Do końca pierwszej połowy Zagłębie nie zdołało oddać ani jednego celnego strzału na rzeszowską bramkę. Brakowało również jakichkolwiek składnych akcji, które mogłyby przynieść zagrożenie w polu karnym Resovii. Dwa razy fatalnie z rzutów rożnych dośrodkował Joel Valencia, a Kamil Biliński dopiero w 45. minucie zdołał oddać strzał, ale był on daleki od celu.
W pierwszych fragmentach drugiej połowy dwa razy niecelnie strzelał Maksymilian Hebel. Zagłębie przez długi czas prowadziło grę, ale nie było z tego żadnych konkretów.
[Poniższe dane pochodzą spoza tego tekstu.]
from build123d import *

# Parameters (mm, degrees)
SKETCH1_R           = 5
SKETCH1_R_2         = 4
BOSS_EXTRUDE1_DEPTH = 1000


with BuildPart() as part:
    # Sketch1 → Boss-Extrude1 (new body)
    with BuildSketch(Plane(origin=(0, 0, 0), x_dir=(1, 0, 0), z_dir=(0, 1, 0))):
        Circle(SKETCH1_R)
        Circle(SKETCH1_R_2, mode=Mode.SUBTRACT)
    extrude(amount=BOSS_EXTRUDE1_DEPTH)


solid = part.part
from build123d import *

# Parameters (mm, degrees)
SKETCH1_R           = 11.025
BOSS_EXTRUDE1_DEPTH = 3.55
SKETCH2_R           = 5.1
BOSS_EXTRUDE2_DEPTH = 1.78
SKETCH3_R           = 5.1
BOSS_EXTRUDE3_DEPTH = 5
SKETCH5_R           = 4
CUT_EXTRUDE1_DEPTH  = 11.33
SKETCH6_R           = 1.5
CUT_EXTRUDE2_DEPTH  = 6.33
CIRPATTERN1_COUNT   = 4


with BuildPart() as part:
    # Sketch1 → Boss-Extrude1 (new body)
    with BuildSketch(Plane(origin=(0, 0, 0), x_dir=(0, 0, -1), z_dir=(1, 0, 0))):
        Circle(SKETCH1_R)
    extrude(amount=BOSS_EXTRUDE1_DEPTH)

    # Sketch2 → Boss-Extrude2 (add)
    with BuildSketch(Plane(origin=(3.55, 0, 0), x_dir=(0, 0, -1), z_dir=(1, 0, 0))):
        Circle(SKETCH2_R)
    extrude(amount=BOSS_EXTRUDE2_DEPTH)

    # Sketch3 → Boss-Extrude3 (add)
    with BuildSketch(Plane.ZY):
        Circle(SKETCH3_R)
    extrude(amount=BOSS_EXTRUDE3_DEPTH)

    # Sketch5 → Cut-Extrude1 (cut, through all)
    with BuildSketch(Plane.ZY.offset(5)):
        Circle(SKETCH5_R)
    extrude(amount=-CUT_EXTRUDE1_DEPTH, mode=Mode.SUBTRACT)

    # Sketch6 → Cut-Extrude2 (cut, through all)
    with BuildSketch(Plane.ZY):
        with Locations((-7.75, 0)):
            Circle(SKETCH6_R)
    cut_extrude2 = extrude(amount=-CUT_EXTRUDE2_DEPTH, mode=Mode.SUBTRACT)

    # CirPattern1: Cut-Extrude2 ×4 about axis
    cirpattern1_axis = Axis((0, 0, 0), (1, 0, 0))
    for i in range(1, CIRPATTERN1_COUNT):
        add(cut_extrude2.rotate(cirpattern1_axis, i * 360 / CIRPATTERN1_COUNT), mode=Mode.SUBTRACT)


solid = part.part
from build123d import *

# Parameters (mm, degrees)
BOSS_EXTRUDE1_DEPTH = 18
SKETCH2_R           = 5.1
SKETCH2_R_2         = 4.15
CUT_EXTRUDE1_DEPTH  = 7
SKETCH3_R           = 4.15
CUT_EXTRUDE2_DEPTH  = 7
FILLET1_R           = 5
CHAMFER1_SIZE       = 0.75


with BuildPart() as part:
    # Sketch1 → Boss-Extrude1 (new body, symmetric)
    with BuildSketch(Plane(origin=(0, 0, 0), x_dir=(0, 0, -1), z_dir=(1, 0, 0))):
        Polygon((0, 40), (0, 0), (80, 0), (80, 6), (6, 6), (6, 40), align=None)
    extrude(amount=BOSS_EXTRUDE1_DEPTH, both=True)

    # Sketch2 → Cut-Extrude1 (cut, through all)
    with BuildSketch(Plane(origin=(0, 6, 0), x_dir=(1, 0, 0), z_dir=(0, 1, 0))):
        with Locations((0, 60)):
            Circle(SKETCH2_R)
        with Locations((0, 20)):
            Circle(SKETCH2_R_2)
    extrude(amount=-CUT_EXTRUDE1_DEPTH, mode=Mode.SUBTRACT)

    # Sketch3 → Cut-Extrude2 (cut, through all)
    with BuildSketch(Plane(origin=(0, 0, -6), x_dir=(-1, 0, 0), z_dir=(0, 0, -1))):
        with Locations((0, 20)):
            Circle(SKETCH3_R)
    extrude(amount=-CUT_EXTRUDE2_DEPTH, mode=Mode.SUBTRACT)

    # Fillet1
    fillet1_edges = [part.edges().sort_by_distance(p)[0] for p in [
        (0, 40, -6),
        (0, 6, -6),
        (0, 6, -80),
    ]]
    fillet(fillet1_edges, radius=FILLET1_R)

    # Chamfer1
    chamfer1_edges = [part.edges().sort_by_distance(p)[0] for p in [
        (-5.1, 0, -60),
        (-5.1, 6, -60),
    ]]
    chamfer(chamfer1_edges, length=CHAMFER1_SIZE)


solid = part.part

Trener Marek Saganowski zareagował w 57. minucie dwoma zmianami. Z boiska zeszli Szymon Zalewski i Piotr Marciniec, a pojawili się na nim Deniss Rakels oraz Artem Suchoćkyj i Polacy w składzie Zagłębia byli na boisku w mniejszości.
Ukrainiec w 66. minucie nie upilnował Jakuba Letniowskiego, który z kilku metrów posłał piłkę obok bramki, ale już 4 minuty później zanotował asystę. Emmanuel Agbor podał na lewą stronę właśnie do Artema Suchockiego, a ten dośrodkował na 7. metr, gdzie akcję strzałem głową sfinalizował Kamil Biliński, który tym samym zdobył swoją jedenastą bramkę w tym sezonie, a był to pierwszy celny strzał sosnowiczan w ligowym meczu w 2025.
Pięć minut po wyrównaniu sosnowiczanie mieli okazję do wyjścia na prowadzenie. Po podaniu Joela Valencii przed szansą strzelenia bramki znalazł się Miguel Acosta, ale Jakub Tetyk zdołał sparować piłkę po strzale Hiszpana. Także Resovia miała jeszcze świetną okazję do zdobycia bramki dającej prowadzenie, ale po uderzeniu Maksymiliana Hebla z pola karnego futbolówka przeleciała nad bramką.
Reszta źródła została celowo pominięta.